◆ **Work instruction**: The answer must consist of every line in the records below that contains the string "after".

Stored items
━━━

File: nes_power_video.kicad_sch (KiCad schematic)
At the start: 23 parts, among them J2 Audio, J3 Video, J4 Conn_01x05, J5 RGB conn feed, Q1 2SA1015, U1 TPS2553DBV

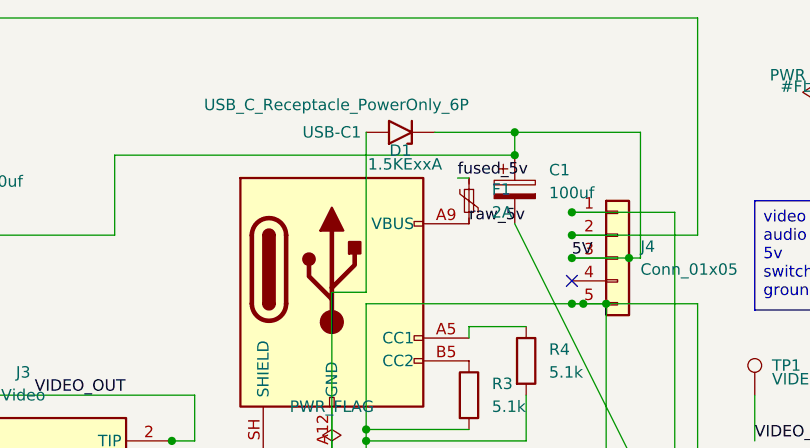
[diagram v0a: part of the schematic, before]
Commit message: Give every part a manufacturer, MPN, datasheet and supplier link
The TPS2553 verification from the last session only ever landed in a
gitignored datasheet PDF: the schematic still carried U1 as a bare
"TPS2553DBV" with an empty Datasheet field, and the exported fab BOM had
no manufacturer at all. That is the gap that let the EN-polarity question
stay open long enough to nearly buy the wrong part.

Every component instance now carries Manufacturer / MPN / LCSC /
Supplier Link / Datasheet fields, mirrored into BOM.csv as columns.
Jellybean passives get a Spec field (tolerance, rating, package) rather
than an invented part number - there is no MPN for a 220R axial resistor.

Specifics:
- U1: TPS2553DBVR, LCSC C55266, TI SLVS841F datasheet
- C3 / R6: pinned to JLCPCB basic parts C49678 and C17560; R6 keeps 1%
  because it sets the eFuse current limit
- Q1: datasheet was a dead datasheetcatalog.org link (404). Now onsemi
  KSA1015, which is what the BOM already told you to buy
- J2 / J3: datasheet moved off a Mouser link that no longer serves the
  PDF, onto Switchcraft's own drawing. Vendor field names normalised to
  Manufacturer / MPN
- USB-C1: datasheet was the generic USB-IF Type-C spec zip; now the GCT
  USB4970 drawing
- J2, J3 and J4 were missing from BOM.csv entirely
- D1's value read "1.5KExxA" - the KiCad symbol name, not a part you can
  order - in the schematic and on the silkscreen. Now 1.5KE6.8A, matching
  what the BOM has always said

Project-local symbol libraries carry the same fields so future
placements inherit them, and the cached lib_symbols were synced to match
(an unsynced cache raises lib_symbol_mismatch in ERC).

Verified: ERC 0 violations, check_nets.py all invariants pass, 14 nets
identical sch/pcb, DRC violation set unchanged from HEAD (7 pre-existing,
all J2/J3/TP1 silkscreen and courtyard from the jack rotation).

Co-Authored-By: Claude Opus 5 <noreply@anthropic.com>
Claude-Session: https://claude.ai/code/session_01SFPsiQ6ZtUgKSkh2NG4xCg
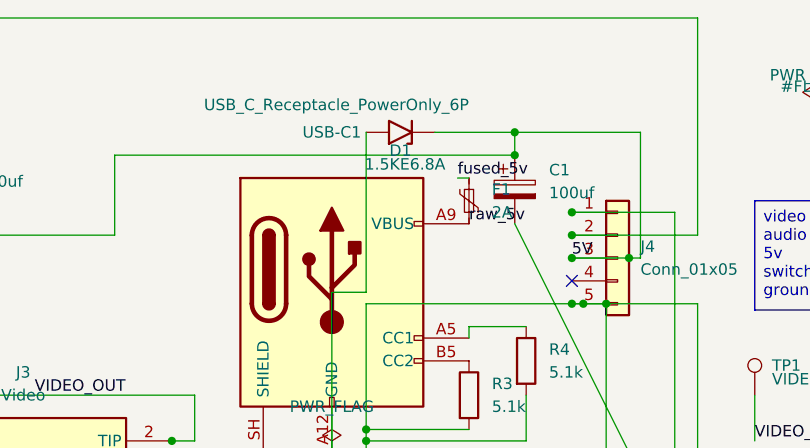
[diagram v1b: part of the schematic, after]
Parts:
- C1: Manufacturer (none) -> Generic; Spec (none) -> 100 uF, >=16 V, aluminium electrolytic, radial, <=10 mm dia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
- C2: Manufacturer (none) -> Generic; Spec (none) -> 470 uF, >=16 V, aluminium electrolytic, radial, <=10 mm dia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
- C3: LCSC (none) -> C49678; MPN (none) -> CC0805KRX7R9BB104; Manufacturer (none) -> YAGEO; Spec (none) -> 100 nF +/-10%, 50 V, X7R, 0805 (any equivalent >=16 V X7R); Supplier Link (none) -> https://www.lcsc.com/product-detail/C49678.html
- D1: value 1.5KExxA -> 1.5KE6.8A; MPN (none) -> 1.5KE6.8A; Manufacturer (none) -> Vishay; Supplier Link (none) -> https://www.digikey.com/en/products/result?keywords=1.5KE6.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
- F1: MPN (none) -> RHEF200; Manufacturer (none) -> Littelfuse; Spec (none) -> PPTC radial, IH 2.0 A / IT 3.8 A / 16 V max; Supplier Link (none) -> https://www.digikey.com/en/products/result?keywords=RHEF200
- J2, J3: MPN (none) -> PJRAN1X1U03X; Manufacturer (none) -> Switchcraft; Manufacturer_Name Switchcraft -> (none); Manufacturer_Part_Number PJRAN1X1U03X -> (none); Supplier Link (none) -> https://www.mouser.co.uk/ProductDetail/Switchcraft/PJRAN1X1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
- J4: Manufacturer (none) -> Generic; Spec (none) -> 1x05 pin header, 2.54 mm pitch, vertical THT (e.g. LCSC C49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
- J5: Manufacturer (none) -> Generic; Spec (none) -> 1x03 pin header, 2.54 mm pitch, vertical THT (e.g. LCSC C29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
- Q1: MPN (none) -> KSA1015; Manufacturer (none) -> onsemi; Spec (none) -> PNP TO-92, E-C-B pinout; any hFE grade. 2SA1015 is the obso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; Supplier Link (none) -> https://www.digikey.com/en/products/result?keywords=KSA1015
- R1: Manufacturer (none) -> Generic; Spec (none) -> 220 Ohm +/-5%, >=0.25 W, axial THT, 7.62 mm pitch
- R2: Manufacturer (none) -> Generic; Spec (none) -> 330 Ohm +/-5%, >=0.25 W, axial THT, 7.62 mm pitch
- R3, R4: Manufacturer (none) -> Generic; Spec (none) -> 5.1 kOhm +/-5%, >=0.1 W, axial THT, 7.62 mm pitch (USB-C CC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
- R5, R7: Manufacturer (none) -> Generic; Spec (none) -> 75 Ohm +/-1%, >=0.25 W, axial THT, 7.62 mm pitch
- R6: LCSC (none) -> C17560; MPN (none) -> 0805W8F2202T5E; Manufacturer (none) -> UNI-ROYAL; Spec (none) -> 22 kOhm +/-1%, 125 mW, 0805 - sets the eFuse current limit,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; Supplier Link (none) -> https://www.lcsc.com/product-detail/C17560.html
- TP1, TP2, TP3, TP4: Manufacturer (none) -> Not a purchased part; Spec (none) -> Bare plated through-hole pad, 2.0 mm pad / 1.0 mm drill
- U1: LCSC (none) -> C55266; MPN (none) -> TPS2553DBVR; Manufacturer (none) -> Texas Instruments; Supplier Link (none) -> https://www.lcsc.com/product-detail/C55266.html
- USB-C1: MPN (none) -> USB4970-00-A; Manufacturer (none) -> GCT; Spec (none) -> USB Type-C receptacle, 6P power-only (VBUS x2, GND x2, CC1,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; Supplier Link (none) -> https://www.digikey.com/en/products/result?keywords=USB4970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

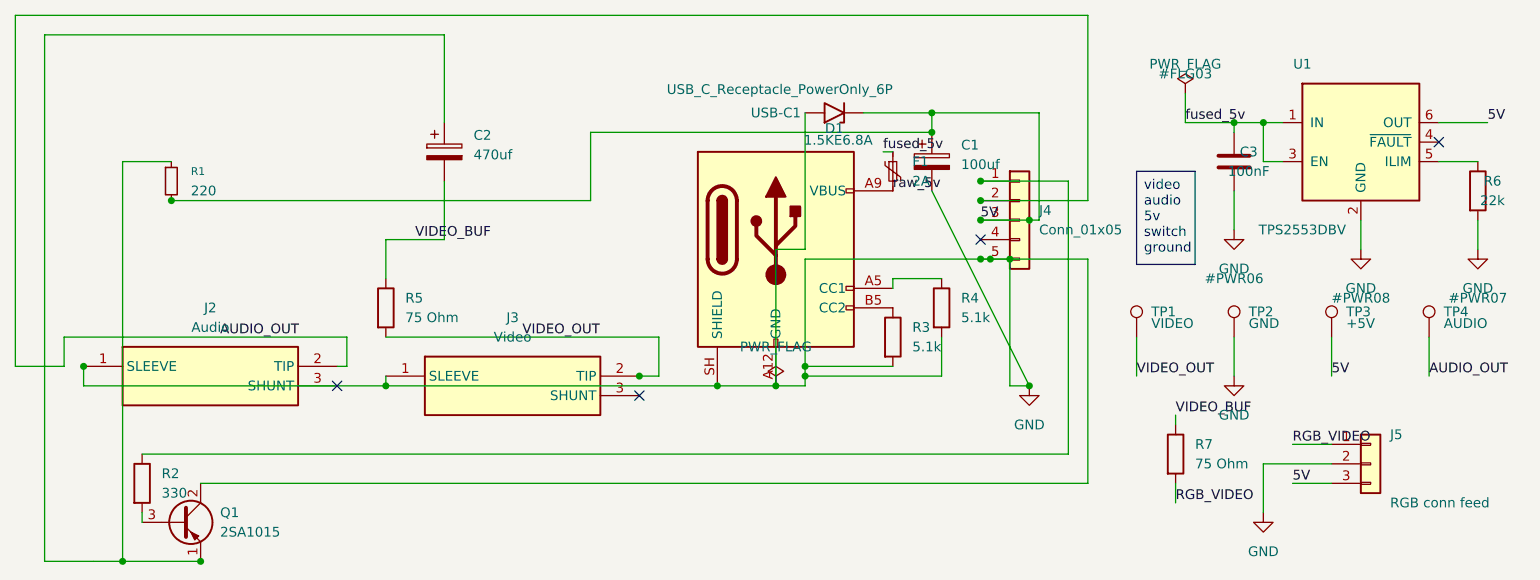
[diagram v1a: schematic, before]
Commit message: Fix Q1 silkscreen, USB-C footprint variant, and document F1's borrowed land pattern
Q1: the silkscreen printed 2SA1015, a discontinued part. It now prints
KSA1015, the onsemi part the BOM tells you to buy - same E-C-B pinout,
still in production. Schematic value and BOM value follow.

USB-C1: this was half a real bug. KiCad has no USB4970 footprint, but
GCT's USB4970 drawing specifies exactly the USB4125 land pattern - pad
centres 1.00/3.04/5.50 mm, widths 0.70/0.76/0.80 x 1.20 mm, shell holes
8.64 x 3.80 mm apart at 1.10 x 1.70 mm with 0.60 x 1.20 mm slots - which
is pad-for-pad what Connector_USB:USB_C_Receptacle_GCT_USB4125-xx-x
carries. So the copper was always right. What was wrong is the variant:
we had -0190, the 1.90 mm shell stake, while USB4970-00-A is the blank
suffix, 1.00 mm stake (GCT ordering grid). Switched to the plain
footprint, whose geometry is byte-identical apart from the name, descr
and 3D model, so not one pad moved. USB-C1's fab-layer value read
USB_C_Receptacle_PowerOnly_6P, a KiCad symbol name; now USB4970-00-A.

F1: no KiCad footprint exists for the Littelfuse RHEF series, so F1
borrows Fuse:Fuse_Bourns_MF-RG300 - pads at (0,0) and (5.1,1.2),
5.24 mm centre-to-centre, 1.01 mm drills. Per the RHEF datasheet the
RHEF200 has 0.51 mm (24 AWG) leads at 5.05 +/-0.75 mm spacing, so it
fits with room to spare. But the Bourns device is rated 3.0 A/5.1 A
against the RHEF200's 2.0 A/3.8 A, and the silkscreen outline is the
Bourns body - recorded as a Footprint Note field on F1, in BOM.csv and
in the README so nobody reads that outline as a clearance boundary.
Drawing a true RHEF200 footprint would move pad 2 by ~1.2 mm and force a
re-route, so it is a v3 change rather than a patch.

Verified: ERC 0 violations, check_nets.py all invariants pass, DRC
violation set identical to the previous commit, and the PCB diff is five
lines with no pad, track, via or zone touched.

Co-Authored-By: Claude Opus 5 <noreply@anthropic.com>
Claude-Session: https://claud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
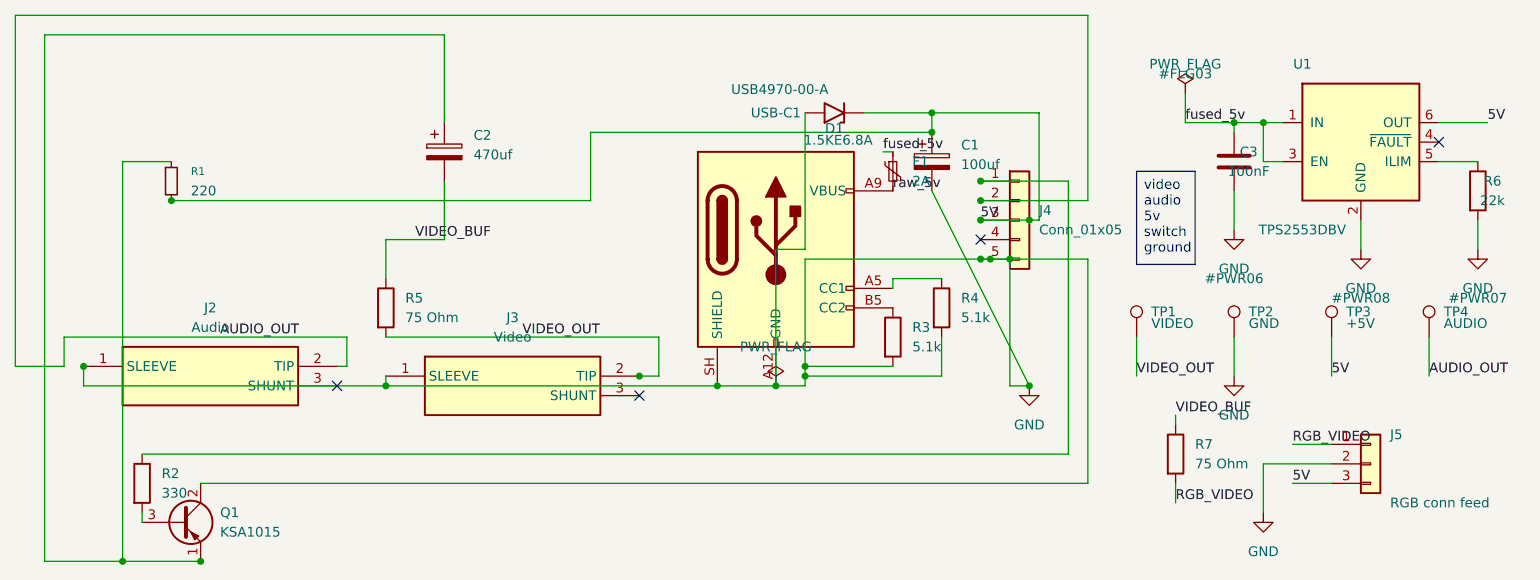
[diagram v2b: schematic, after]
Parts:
- F1: Footprint Note (none) -> No Littelfuse RHEF footprint exists in the KiCad libraries.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
- Q1: value 2SA1015 -> KSA1015
- USB-C1: value USB_C_Receptacle_PowerOnly_6P -> USB4970-00-A; footprint Connector_USB:USB_C_Receptacle_GCT_USB4125-xx-x-0190_6P_TopMnt_Horizontal -> Connector_USB:USB_C_Receptacle_GCT_USB4125-xx-x_6P_TopMnt_Horizontal; Footprint Note (none) -> KiCad has no USB4970 footprint. GCT's USB4970 drawing speci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
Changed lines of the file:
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@@
 			)
 		)
-		(property "Value" "2SA1015"
+		(property "Value" "KSA1015"
 			(at 40.64 190.4999 0)
 			(show_name no)
@@
 			)
 		)
+		(property "Footprint Note" "No Littelfuse RHEF footprint exists in the KiCad libraries. F1 uses the Bourns MF-RG300 land pattern: pads at (0,0) and (5.1,1.2), 5.24 mm centre-to-centre, 1.01 mm drills. RHEF200 leads are 0.51 mm dia at 5.05 +/-0.75 mm spacing, so they fit, but the Bourns part is a 3.0 A/5.1 A device and the drawn body outline is its, not the RHEF200's - do not trust the outline for clearance."
+			(at 128.27 143.51 0)
+			(hide yes)
+			(show_name no)
+			(do_not_autoplace no)
+			(effects
+				(font
+					(size 1.27 1.27)
+				)
+			)
+		)
 		(pin "1"
 		)
@@
 			)
 		)
-		(property "Value" "USB_C_Receptacle_PowerOnly_6P"
+		(property "Value" "USB4970-00-A"
 			(at 113.538 132.842 0)
 			(show_name no)
@@
 			)
 		)
-		(property "Footprint" "Connector_USB:USB_C_Receptacle_GCT_USB4125-xx-x-0190_6P_TopMnt_Horizontal"
+		(property "Footprint" "Connector_USB:USB_C_Receptacle_GCT_USB4125-xx-x_6P_TopMnt_Horizontal"
 			(at 116.84 151.13 0)
 			(hide yes)
@@
 			(at 113.03 153.67 0)
 			(hide yes)
+			(show_name no)
+			(do_not_autoplace no)
+			(effects
+				(font
+					(size 1.27 1.27)
+				)
+			)
+		)
+		(property "Footprint Note" "KiCad has no USB4970 footprint. GCT's USB4970 drawing specifies the same recommended layout as the USB4125: pad centres 1.00/3.04/5.50 mm, widths 0.70/0.76/0.80 mm x 1.20 mm, shell holes 8.64 x 3.80 mm apart, 1.10 x 1.70 mm with 0.60 x 1.20 mm slots. Verified against the drawing 2026-08-28. USB4970-00-A takes the 1.00 mm shell stake, so the plain USB4125-xx-x footprint is the match; -0190 is the 1.90 mm stake variant."
+			(at 113.03 153.67 0)
+			(hide yes)

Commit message: Replace search links with verified product pages; correct D1 and Q1 sourcing
With DigiKey and Mouser API access working, every supplier link is now a
real product page checked against live stock, and two of the parts turned
out to be specified wrong.

D1 was listed as Vishay 1.5KE6.8A. That is not an orderable MPN - Vishay
sells it as 1.5KE6.8A-E3/54, and the plain string belongs to Littelfuse,
which is the part actually being fitted. Switched to Littelfuse and
re-verified the numbers the README's "D1 does not protect U1" argument
rests on, since the cited datasheet changed: VWM 5.8 V, VBR 6.45 V min and
VC 10.5 V are identical, Ipp is 144.8 A rather than Vishay's 143 A. The
argument stands unchanged. Littelfuse packages it DO-201AA/DO-27 instead
of DO-201AE; the 15.24 mm footprint takes either.

Q1 is worse than the README claimed. It said the KSA1015 was "still in
production" - it is not. Every onsemi/Fairchild KSA1015 variant reads
Obsolete on DigiKey, stocked only as KSA1015GRTA-ON through Rochester
Electronics (11,217), the licensed last-time-buy channel. MCC's
2SA1015-GR-AP is genuine and in stock at Mouser (14,738) but flagged End
of Life. Both build the board today with deep stock; neither is in
production. Recorded in the schematic, BOM and README as a v3 item.

Also: F1 and USB-C1 keyword-search URLs replaced with product pages
(RHEF200HF-ND, 2073-USB4970-00-ATR-ND, both Active), and the Switchcraft
jacks moved from mouser.co.uk to mouser.com so every link points at one
storefront. DigiKey's datasheet URL for the RHEF200 came back identical
to the one committed earlier, which independently confirms that link.

Verified: ERC 0 violations, check_nets.py all invariants pass, PCB
untouched - this commit changes metadata only.

Co-Authored-By: Claude Opus 5 <noreply@anthropic.com>
Claude-Session: https://claude.ai/code/session_01SFPsiQ6ZtUgKSkh2NG4xCg
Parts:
- D1: Manufacturer Vishay -> Littelfuse; Spec (none) -> 1500 W unidirectional TVS: VWM 5.8 V, VBR 6.45 V min, VC 10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; Supplier Link https://www.digikey.com/en/products/result?keywords=1.5KE6.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 -> https://www.digikey.com/en/products/detail/littelfuse-inc/1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
- F1: Supplier Link https://www.digikey.com/en/products/result?keywords=RHEF200 -> https://www.digikey.com/en/products/detail/littelfuse-inc/R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
- J2, J3: Mouser Price/Stock https://www.mouser.co.uk/ProductDetail/Switchcraft/PJRAN1X1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 -> https://www.mouser.com/en/ProductDetail/Switchcraft/PJRAN1X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; Supplier Link https://www.mouser.co.uk/ProductDetail/Switchcraft/PJRAN1X1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 -> https://www.mouser.com/en/ProductDetail/Switchcraft/PJRAN1X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
- Q1: MPN KSA1015 -> KSA1015GRTA; Spec PNP TO-92, E-C-B pinout; any hFE grade. 2SA1015 is the obso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 -> PNP TO-92, E-C-B pinout, any hFE grade. END OF LIFE both wa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; Supplier Link https://www.digikey.com/en/products/result?keywords=KSA1015 -> https://www.digikey.com/en/products/detail/rochester-electr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
- USB-C1: Supplier Link https://www.digikey.com/en/products/result?keywords=USB4970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 -> https://www.digikey.com/en/products/detail/gct/USB4970-00-A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
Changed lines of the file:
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@@
 			)
 		)
-		(property "MPN" "KSA1015"
+		(property "MPN" "KSA1015GRTA"
 			(at 35.56 189.23 0)
 			(hide yes)
@@
 			)
 		)
-		(property "Spec" "PNP TO-92, E-C-B pinout; any hFE grade. 2SA1015 is the obsolete original"
+		(property "Spec" "PNP TO-92, E-C-B pinout, any hFE grade. END OF LIFE both ways: onsemi KSA1015 is obsolete, stocked only as KSA1015GRTA-ON through Rochester; MCC 2SA1015-GR-AP is on Mouser but flagged End of Life. Needs a live replacement for v3."
 			(at 35.56 189.23 0)
 			(hide yes)
@@
 			)
 		)
-		(property "Supplier Link" "https://www.digikey.com/en/products/result?keywords=KSA1015"
+		(property "Supplier Link" "https://www.digikey.com/en/products/detail/rochester-electronics-llc/KSA1015GRTA-ON/12643065"
 			(at 35.56 189.23 0)
 			(hide yes)
@@
 			)
 		)
-		(property "Supplier Link" "https://www.digikey.com/en/products/result?keywords=RHEF200"
+		(property "Supplier Link" "https://www.digikey.com/en/products/detail/littelfuse-inc/RHEF200/5130265"
 			(at 128.27 143.51 0)
 			(hide yes)
@@
 			)
 		)
-		(property "Datasheet" "https://www.vishay.com/docs/88301/15ke.pdf"
+		(property "Datasheet" "https://www.littelfuse.com/assetdocs/littelfuse_tvs_diode_1_5ke_datasheet.pdf?assetguid=9d02c7d2-86a5-4bff-9251-966d6af02bf7"
 			(at 121.92 135.89 0)
 			(hide yes)
@@
 			)
 		)
-		(property "Manufacturer" "Vishay"
+		(property "Manufacturer" "Littelfuse"
 			(at 121.92 135.89 0)
 			(hide yes)
@@
 			)
 		)
-		(property "Supplier Link" "https://www.digikey.com/en/products/result?keywords=1.5KE6.8A"
+		(property "Supplier Link" "https://www.digikey.com/en/products/detail/littelfuse-inc/1-5KE6-8A/285842"
+			(at 121.92 135.89 0)
+			(hide yes)
+			(show_name no)
+			(do_not_autoplace no)
+			(effects
+				(font
+					(size 1.27 1.27)
+				)
+			)
+		)
+		(property "Spec" "1500 W unidirectional TVS: VWM 5.8 V, VBR 6.45 V min, VC 10.5 V @ 144.8 A. Littelfuse packages it as DO-201AA/DO-27; the DO-201AE footprint takes it (15.24 mm pitch, 1.3 mm drills)."
 			(at 121.92 135.89 0)
 			(hide yes)
@@
 			)
 		)
-		(property "Mouser Price/Stock" "https://www.mouser.co.uk/ProductDetail/Switchcraft/PJRAN1X1U03X?qs=mcPJWgAPNrc45bmxqO8nXw%3D%3D"
+		(property "Mouser Price/Stock" "https://www.mouser.com/en/ProductDetail/Switchcraft/PJRAN1X1U03X?qs=mcPJWgAPNrc45bmxqO8nXw%3D%3D"
 			(at 91.44 765.1 0)
 			(hide yes)
@@
 			)
 		)
-		(property "Supplier Link" "https://www.mouser.co.uk/ProductDetail/Switchcraft/PJRAN1X1U03X?qs=mcPJWgAPNrc45bmxqO8nXw%3D%3D"
+		(property "Supplier Link" "https://www.mouser.com/en/ProductDetail/Switchcraft/PJRAN1X1U03X?qs=mcPJWgAPNrc45bmxqO8nXw%3D%3D"
 			(at 91.44 365.1 0)
 			(hide yes)
@@
 			)
 		)
-		(property "Supplier Link" "https://www.digikey.com/en/products/result?keywords=USB4970-00-A"
+		(property "Supplier Link" "https://www.digikey.com/en/products/detail/gct/USB4970-00-A/28722813"
 			(at 113.03 153.67 0)
 			(hide yes)
@@
 			)
 		)
-		(property "Mouser Price/Stock" "https://www.mouser.co.uk/ProductDetail/Switchcraft/PJRAN1X1U03X?qs=mcPJWgAPNrc45bmxqO8nXw%3D%3D"
+		(property "Mouser Price/Stock" "https://www.mouser.com/en/ProductDetail/Switchcraft/PJRAN1X1U03X?qs=mcPJWgAPNrc45bmxqO8nXw%3D%3D"
 			(at 52.07 763.83 0)
 			(hide yes)
@@
 			)
 		)
-		(property "Supplier Link" "https://www.mouser.co.uk/ProductDetail/Switchcraft/PJRAN1X1U03X?qs=mcPJWgAPNrc45bmxqO8nXw%3D%3D"
+		(property "Supplier Link" "https://www.mouser.com/en/ProductDetail/Switchcraft/PJRAN1X1U03X?qs=mcPJWgAPNrc45bmxqO8nXw%3D%3D"
 			(at 52.07 363.83 0)
 			(hide yes)

━━━

◆ **Exercise solution**:
[diagram v1b: part of the schematic, after]
[diagram v2b: schematic, after]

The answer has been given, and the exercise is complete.